Reply To: Incarcerated, But Not Imprisoned,” with Mythologist Dennis Slattery, Ph.D.”
Reply to James’s response (# 5640):
I was very moved by your reaction to this Mythblast, James, and feeling agreement with everything you wrote about the importance of finding one’s story and too, as others have said, rewriting the narrative or adding things to it to create a good ending that one seeks.
Thank you Dennis for your Mythblast and sharing your experience.
Reading Dennis’s posts and responses and James’s post and responses, what I am also getting out of the mix or blended ideas is that a guru and a guide can be two different things. Teachers are not gurus but do guide their students. And Dennis, the work you do is so needed, as both a psychologist and a teacher.

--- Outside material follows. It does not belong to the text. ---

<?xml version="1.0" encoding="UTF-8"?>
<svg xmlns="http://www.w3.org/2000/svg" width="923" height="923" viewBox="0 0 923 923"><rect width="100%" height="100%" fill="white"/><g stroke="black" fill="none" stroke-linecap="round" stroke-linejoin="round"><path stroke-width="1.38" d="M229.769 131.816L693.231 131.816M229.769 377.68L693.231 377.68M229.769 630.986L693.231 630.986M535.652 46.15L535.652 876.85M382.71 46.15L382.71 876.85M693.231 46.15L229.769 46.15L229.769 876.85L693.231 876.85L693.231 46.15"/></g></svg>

It is so good to be able to help build a fragile ego back up to where it belongs–meaning not ego as a bad thing, but for a person to have a healthy sense-of-self ego. So many people are afraid of the word ego or its definition they attach to it; however, a good healthy ego is vital to the vitality of the soul or spirit.
I have not been in the forums much lately, but James did tell me how I would like this Mythblast (yet I do mean to say too that they are all great!) and to check it out so I did, and I did like it very much as a ex-English teacher (!). I did not teach prisoners, but did at times teach classes for those who had recently gotten out of jail/finished serving a sentence (a joke was then that they were in class dealing with a different type of “sentence” as in sentence structure) and returned to school, and many of them gang members. Many students I had in other classes who had not been in jail were metaphorically imprisoned in their own versions of what they felt was hell or hellish like a type of jail or inhibiting, etc., and with those students too it was a matter of much of what you have written about those you teach in jails. Mostly students would come to me to tell me why they missed class due to issues such as heavy drug addiction, domestic violence at home, being extremely ill and unable to pay to get their car fixed due to their medical bills, severe depression. Anxiety, and sometimes about writing itself. Putting their “self” on paper for someone else to see, etc. Fear of failure, fear of success.
On and on these narratives can go. So nice to do the work of helping with people’s stories.